Copy each line of the data below with the word "Actuators".

→ PROVIDED DATA:
------------------------------

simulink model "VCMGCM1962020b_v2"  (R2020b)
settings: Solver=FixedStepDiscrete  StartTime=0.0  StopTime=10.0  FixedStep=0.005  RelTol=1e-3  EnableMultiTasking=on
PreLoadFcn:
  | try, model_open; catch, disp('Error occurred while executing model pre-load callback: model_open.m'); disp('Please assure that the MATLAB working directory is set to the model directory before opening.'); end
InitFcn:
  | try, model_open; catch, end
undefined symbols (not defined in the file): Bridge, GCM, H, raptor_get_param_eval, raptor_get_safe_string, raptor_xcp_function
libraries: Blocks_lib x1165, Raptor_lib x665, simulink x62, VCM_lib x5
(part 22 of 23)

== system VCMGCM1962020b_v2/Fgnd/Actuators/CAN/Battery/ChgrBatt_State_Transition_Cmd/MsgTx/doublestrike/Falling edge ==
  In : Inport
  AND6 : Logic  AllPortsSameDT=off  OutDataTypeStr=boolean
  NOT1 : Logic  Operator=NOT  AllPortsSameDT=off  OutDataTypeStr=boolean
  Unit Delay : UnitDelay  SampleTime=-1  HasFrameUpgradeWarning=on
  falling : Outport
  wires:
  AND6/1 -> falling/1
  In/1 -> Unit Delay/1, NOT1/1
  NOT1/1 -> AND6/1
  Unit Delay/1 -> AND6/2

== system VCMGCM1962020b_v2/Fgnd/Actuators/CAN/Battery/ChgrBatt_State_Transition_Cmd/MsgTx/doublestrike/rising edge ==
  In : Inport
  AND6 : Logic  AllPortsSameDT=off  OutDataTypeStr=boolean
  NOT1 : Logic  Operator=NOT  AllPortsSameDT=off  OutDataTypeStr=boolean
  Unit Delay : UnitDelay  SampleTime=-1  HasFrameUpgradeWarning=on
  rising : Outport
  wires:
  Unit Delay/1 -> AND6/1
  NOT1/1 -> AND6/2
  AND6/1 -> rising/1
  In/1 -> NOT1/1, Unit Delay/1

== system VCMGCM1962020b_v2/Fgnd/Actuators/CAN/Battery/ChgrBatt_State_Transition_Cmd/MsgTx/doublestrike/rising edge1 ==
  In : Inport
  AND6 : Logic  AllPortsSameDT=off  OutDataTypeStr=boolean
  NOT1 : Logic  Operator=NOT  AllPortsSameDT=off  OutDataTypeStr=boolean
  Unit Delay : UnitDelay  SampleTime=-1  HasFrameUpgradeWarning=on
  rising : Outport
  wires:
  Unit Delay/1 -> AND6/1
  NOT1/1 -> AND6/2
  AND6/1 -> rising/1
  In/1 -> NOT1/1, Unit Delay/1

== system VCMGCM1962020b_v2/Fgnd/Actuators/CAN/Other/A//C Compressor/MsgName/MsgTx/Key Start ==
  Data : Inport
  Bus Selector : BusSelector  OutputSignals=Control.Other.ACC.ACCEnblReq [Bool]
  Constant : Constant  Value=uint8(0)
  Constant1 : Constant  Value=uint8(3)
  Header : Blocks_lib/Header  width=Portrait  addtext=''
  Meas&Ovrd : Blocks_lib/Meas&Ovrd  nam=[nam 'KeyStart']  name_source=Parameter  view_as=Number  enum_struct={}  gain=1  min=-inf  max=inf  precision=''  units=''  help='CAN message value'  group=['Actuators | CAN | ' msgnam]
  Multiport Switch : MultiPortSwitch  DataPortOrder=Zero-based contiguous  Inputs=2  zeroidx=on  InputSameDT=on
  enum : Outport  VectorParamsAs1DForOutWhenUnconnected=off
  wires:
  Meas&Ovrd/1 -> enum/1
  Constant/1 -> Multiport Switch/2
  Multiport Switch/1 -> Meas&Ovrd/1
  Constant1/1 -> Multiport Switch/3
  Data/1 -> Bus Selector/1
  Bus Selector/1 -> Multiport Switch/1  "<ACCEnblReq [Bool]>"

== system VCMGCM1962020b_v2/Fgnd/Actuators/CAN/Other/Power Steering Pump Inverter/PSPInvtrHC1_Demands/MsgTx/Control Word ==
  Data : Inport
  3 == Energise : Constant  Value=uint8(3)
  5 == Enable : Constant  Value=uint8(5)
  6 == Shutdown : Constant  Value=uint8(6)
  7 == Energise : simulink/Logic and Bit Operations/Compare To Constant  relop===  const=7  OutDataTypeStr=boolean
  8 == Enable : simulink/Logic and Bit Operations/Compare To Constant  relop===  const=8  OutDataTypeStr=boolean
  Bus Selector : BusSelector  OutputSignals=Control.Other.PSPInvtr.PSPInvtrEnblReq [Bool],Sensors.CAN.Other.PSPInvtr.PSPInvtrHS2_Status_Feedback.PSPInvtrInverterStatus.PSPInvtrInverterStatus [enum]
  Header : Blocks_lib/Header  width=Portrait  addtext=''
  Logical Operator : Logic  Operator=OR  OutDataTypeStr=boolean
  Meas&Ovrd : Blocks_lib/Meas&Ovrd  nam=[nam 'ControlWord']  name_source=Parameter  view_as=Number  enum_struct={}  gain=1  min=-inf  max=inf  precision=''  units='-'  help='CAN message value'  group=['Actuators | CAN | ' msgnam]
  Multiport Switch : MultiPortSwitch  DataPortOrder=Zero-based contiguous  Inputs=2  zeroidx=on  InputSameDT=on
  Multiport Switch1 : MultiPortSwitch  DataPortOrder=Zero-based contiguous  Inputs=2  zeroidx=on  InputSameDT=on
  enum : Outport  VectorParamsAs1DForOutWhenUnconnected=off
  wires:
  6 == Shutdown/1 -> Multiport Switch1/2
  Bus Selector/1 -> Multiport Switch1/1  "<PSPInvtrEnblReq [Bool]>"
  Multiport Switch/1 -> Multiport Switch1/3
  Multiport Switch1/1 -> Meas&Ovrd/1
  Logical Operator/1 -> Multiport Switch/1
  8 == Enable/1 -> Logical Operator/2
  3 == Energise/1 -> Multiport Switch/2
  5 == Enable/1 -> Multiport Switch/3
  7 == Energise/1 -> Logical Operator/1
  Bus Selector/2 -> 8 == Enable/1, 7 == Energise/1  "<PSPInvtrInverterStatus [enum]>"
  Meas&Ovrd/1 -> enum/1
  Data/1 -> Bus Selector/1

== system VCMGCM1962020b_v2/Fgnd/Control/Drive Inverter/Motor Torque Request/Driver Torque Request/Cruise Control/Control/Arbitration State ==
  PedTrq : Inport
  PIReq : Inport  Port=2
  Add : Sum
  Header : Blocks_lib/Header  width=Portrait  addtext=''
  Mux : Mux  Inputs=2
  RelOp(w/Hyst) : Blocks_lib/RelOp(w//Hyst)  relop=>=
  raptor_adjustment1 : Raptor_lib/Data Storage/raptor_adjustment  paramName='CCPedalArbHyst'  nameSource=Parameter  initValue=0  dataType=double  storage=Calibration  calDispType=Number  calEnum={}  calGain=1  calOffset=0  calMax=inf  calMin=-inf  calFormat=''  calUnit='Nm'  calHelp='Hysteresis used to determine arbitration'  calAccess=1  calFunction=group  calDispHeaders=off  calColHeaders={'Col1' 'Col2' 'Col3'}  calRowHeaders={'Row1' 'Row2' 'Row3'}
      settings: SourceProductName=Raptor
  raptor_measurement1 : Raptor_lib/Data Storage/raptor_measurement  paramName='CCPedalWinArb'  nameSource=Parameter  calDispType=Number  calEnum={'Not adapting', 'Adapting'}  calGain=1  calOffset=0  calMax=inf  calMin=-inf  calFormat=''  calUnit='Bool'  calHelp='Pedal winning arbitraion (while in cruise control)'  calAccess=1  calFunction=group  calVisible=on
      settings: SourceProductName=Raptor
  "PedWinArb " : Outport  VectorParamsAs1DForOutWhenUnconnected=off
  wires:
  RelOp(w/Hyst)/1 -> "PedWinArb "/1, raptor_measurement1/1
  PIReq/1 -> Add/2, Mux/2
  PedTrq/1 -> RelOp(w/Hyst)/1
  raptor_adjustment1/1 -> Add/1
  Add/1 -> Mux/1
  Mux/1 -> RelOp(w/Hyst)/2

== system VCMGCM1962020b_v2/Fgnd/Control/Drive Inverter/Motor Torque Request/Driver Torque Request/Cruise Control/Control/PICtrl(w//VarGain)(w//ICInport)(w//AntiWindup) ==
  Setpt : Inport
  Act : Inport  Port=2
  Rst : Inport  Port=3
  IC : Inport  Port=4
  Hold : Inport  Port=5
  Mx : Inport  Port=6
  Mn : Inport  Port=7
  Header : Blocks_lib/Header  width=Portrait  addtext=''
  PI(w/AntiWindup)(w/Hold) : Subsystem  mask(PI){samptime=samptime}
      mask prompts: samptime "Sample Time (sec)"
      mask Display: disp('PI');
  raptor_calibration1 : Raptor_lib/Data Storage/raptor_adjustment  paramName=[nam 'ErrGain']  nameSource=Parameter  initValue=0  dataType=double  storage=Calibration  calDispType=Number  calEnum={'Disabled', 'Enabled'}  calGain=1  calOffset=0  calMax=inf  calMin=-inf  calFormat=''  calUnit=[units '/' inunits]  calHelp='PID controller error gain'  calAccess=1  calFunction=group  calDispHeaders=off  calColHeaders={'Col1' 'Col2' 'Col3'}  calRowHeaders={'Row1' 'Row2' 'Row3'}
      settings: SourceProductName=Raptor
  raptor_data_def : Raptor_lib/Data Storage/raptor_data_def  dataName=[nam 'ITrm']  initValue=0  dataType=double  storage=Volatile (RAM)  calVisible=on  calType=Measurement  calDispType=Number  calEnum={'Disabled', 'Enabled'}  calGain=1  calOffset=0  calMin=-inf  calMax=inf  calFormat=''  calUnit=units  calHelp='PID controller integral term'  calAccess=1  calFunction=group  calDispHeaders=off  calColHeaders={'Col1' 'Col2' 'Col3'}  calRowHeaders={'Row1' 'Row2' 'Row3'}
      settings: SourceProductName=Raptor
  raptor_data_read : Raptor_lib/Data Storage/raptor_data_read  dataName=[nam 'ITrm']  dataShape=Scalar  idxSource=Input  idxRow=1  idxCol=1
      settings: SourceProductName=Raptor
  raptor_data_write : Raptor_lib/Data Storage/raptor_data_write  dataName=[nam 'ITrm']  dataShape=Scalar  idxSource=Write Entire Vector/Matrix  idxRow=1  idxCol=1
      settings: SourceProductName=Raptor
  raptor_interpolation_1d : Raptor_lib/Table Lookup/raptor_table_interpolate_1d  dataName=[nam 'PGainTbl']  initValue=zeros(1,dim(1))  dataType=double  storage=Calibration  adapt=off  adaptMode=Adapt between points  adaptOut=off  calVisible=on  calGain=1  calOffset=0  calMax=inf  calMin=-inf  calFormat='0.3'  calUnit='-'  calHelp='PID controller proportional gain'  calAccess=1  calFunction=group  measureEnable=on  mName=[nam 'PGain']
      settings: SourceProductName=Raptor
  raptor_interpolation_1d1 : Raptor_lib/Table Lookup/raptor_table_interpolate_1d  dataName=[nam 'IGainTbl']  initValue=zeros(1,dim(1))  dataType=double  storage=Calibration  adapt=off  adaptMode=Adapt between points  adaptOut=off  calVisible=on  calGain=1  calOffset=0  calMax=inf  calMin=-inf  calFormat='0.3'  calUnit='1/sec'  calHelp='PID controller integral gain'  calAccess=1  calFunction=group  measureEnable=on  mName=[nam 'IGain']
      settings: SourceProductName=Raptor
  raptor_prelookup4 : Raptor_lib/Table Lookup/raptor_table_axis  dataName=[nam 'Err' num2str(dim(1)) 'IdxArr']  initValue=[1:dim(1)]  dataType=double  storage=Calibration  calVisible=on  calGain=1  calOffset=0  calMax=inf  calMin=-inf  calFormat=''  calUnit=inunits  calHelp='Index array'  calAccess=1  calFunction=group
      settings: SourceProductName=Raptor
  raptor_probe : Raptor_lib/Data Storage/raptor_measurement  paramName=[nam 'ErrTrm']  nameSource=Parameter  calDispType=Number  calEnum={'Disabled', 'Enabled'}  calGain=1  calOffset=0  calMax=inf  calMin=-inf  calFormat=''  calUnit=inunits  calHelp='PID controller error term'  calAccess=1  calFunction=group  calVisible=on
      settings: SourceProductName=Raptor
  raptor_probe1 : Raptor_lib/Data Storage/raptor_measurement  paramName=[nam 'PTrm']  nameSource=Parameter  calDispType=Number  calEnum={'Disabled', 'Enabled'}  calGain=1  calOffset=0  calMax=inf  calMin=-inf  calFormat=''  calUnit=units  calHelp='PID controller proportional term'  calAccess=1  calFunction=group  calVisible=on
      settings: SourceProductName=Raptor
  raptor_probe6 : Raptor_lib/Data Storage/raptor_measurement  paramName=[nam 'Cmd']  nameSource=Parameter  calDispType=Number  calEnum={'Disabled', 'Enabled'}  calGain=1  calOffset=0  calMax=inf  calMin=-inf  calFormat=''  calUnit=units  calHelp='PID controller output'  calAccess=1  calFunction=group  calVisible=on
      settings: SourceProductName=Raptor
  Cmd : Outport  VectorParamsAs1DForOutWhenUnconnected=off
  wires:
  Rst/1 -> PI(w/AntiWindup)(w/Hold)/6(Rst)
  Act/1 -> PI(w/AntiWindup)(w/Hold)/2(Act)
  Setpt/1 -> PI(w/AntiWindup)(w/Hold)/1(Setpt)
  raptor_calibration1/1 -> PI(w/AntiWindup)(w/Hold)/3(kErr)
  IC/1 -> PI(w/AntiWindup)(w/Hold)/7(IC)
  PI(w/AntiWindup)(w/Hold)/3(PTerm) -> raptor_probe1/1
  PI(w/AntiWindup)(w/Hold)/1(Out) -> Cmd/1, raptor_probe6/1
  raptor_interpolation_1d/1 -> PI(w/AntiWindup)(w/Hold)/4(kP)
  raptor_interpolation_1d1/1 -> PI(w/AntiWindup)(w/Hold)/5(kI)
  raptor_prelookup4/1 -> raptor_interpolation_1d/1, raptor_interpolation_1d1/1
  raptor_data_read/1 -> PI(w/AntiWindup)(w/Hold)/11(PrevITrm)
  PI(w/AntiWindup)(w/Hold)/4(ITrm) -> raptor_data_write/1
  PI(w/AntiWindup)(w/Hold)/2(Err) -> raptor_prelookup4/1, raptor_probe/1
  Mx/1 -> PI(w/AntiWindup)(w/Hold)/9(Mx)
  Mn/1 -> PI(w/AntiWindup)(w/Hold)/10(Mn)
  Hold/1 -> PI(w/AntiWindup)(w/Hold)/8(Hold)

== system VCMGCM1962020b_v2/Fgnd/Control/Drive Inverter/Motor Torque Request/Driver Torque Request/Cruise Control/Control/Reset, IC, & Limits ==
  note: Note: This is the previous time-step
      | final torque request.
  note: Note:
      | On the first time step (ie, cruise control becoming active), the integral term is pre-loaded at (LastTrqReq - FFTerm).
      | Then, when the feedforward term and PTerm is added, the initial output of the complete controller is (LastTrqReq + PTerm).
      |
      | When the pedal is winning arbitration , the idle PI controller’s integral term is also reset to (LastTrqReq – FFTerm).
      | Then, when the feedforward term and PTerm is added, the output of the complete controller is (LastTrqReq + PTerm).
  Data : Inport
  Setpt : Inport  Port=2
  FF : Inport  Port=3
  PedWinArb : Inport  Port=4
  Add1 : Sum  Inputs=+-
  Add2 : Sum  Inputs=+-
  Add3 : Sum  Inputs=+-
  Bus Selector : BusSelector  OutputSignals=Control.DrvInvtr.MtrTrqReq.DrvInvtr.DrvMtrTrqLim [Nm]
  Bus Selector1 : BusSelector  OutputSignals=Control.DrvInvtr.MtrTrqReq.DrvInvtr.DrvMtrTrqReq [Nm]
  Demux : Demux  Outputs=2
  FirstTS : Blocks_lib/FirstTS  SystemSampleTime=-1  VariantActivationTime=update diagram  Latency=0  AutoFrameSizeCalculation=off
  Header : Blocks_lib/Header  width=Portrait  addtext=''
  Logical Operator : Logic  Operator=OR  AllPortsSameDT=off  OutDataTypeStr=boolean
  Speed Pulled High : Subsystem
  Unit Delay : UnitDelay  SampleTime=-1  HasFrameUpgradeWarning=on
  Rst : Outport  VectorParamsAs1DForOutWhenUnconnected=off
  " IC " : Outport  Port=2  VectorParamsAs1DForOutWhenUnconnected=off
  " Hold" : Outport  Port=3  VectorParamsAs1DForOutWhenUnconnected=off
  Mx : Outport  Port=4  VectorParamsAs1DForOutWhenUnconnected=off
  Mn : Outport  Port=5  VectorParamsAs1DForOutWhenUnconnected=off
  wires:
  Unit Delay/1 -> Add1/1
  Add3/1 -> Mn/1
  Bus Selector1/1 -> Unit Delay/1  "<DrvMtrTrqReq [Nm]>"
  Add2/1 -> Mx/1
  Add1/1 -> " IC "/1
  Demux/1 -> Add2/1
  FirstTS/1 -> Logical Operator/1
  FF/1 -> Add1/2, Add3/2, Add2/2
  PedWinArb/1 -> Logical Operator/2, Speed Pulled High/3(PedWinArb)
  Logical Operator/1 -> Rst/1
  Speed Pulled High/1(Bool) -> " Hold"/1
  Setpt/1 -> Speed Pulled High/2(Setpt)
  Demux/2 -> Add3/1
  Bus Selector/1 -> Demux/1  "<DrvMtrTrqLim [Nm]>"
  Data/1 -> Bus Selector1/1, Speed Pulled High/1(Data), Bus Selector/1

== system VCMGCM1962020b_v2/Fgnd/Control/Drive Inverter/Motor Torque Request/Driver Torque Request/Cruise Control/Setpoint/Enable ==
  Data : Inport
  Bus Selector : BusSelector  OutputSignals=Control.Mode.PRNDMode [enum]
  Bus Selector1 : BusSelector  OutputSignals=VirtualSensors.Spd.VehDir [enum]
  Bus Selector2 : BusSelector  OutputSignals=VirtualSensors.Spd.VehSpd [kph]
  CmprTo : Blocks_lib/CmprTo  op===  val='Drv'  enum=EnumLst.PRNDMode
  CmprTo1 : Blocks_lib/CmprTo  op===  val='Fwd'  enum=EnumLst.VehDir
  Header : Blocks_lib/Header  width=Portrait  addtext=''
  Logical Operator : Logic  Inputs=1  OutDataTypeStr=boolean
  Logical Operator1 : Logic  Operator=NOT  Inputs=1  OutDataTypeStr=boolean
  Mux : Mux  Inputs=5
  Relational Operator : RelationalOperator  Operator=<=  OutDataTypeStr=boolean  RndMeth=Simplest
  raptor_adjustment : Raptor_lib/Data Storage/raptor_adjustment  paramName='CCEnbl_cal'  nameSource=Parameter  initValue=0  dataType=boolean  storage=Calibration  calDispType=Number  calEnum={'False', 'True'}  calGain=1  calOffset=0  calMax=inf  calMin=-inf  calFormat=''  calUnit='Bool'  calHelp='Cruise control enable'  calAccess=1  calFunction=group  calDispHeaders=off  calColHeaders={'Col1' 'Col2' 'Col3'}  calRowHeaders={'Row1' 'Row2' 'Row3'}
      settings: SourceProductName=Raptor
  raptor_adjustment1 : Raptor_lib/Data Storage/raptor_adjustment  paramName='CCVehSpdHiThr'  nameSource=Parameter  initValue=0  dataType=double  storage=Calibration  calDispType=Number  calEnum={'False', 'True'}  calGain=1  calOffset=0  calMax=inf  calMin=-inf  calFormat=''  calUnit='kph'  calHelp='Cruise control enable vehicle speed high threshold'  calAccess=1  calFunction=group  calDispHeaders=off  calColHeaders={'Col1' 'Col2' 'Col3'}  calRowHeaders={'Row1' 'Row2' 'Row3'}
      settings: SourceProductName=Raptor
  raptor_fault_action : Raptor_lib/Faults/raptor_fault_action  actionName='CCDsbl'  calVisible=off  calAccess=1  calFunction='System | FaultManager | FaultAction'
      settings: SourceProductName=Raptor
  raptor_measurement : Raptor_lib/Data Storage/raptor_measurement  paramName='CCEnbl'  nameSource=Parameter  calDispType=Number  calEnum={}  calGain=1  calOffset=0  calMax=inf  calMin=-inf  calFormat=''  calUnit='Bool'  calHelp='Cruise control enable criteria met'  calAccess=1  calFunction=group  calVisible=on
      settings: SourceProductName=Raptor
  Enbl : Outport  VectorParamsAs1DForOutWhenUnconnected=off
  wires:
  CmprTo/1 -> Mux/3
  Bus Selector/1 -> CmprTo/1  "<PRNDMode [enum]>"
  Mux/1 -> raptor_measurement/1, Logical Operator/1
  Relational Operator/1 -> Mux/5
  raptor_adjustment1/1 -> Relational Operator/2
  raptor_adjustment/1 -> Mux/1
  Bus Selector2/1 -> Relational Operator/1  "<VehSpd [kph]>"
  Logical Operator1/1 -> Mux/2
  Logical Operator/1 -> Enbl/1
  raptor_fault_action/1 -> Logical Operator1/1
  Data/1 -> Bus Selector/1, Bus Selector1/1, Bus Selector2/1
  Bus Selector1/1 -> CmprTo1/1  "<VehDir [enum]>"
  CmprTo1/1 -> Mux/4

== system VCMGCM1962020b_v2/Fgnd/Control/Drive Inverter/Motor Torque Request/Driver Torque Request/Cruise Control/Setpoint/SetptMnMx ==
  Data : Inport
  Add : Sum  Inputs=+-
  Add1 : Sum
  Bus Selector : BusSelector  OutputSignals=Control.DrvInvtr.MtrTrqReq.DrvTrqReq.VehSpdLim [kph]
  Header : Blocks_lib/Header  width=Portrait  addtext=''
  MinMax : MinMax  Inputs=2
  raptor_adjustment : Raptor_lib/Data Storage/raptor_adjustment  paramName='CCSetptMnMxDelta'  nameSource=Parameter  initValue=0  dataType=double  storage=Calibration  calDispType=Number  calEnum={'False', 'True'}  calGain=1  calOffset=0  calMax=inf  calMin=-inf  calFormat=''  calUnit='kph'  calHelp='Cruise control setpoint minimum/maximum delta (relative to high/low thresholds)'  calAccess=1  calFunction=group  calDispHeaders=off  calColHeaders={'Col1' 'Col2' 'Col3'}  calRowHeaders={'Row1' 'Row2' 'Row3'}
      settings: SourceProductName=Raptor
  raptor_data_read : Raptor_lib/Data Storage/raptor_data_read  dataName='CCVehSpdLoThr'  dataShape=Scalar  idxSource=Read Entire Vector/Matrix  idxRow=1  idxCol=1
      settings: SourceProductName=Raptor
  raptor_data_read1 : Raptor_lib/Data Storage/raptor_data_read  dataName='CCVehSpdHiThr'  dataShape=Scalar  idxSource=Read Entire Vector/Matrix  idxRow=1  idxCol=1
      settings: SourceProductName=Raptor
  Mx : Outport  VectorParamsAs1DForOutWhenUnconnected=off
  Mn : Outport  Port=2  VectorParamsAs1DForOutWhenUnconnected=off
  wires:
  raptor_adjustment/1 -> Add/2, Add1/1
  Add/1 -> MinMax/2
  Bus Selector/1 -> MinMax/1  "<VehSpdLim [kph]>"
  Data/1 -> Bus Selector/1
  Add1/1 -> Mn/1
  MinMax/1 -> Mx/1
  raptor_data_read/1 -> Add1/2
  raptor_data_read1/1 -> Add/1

------------------------------

→ COMPLETED EXERCISE:
== system VCMGCM1962020b_v2/Fgnd/Actuators/CAN/Battery/ChgrBatt_State_Transition_Cmd/MsgTx/doublestrike/Falling edge ==
== system VCMGCM1962020b_v2/Fgnd/Actuators/CAN/Battery/ChgrBatt_State_Transition_Cmd/MsgTx/doublestrike/rising edge ==
== system VCMGCM1962020b_v2/Fgnd/Actuators/CAN/Battery/ChgrBatt_State_Transition_Cmd/MsgTx/doublestrike/rising edge1 ==
== system VCMGCM1962020b_v2/Fgnd/Actuators/CAN/Other/A//C Compressor/MsgName/MsgTx/Key Start ==
  Meas&Ovrd : Blocks_lib/Meas&Ovrd  nam=[nam 'KeyStart']  name_source=Parameter  view_as=Number  enum_struct={}  gain=1  min=-inf  max=inf  precision=''  units=''  help='CAN message value'  group=['Actuators | CAN | ' msgnam]
== system VCMGCM1962020b_v2/Fgnd/Actuators/CAN/Other/Power Steering Pump Inverter/PSPInvtrHC1_Demands/MsgTx/Control Word ==
  Meas&Ovrd : Blocks_lib/Meas&Ovrd  nam=[nam 'ControlWord']  name_source=Parameter  view_as=Number  enum_struct={}  gain=1  min=-inf  max=inf  precision=''  units='-'  help='CAN message value'  group=['Actuators | CAN | ' msgnam]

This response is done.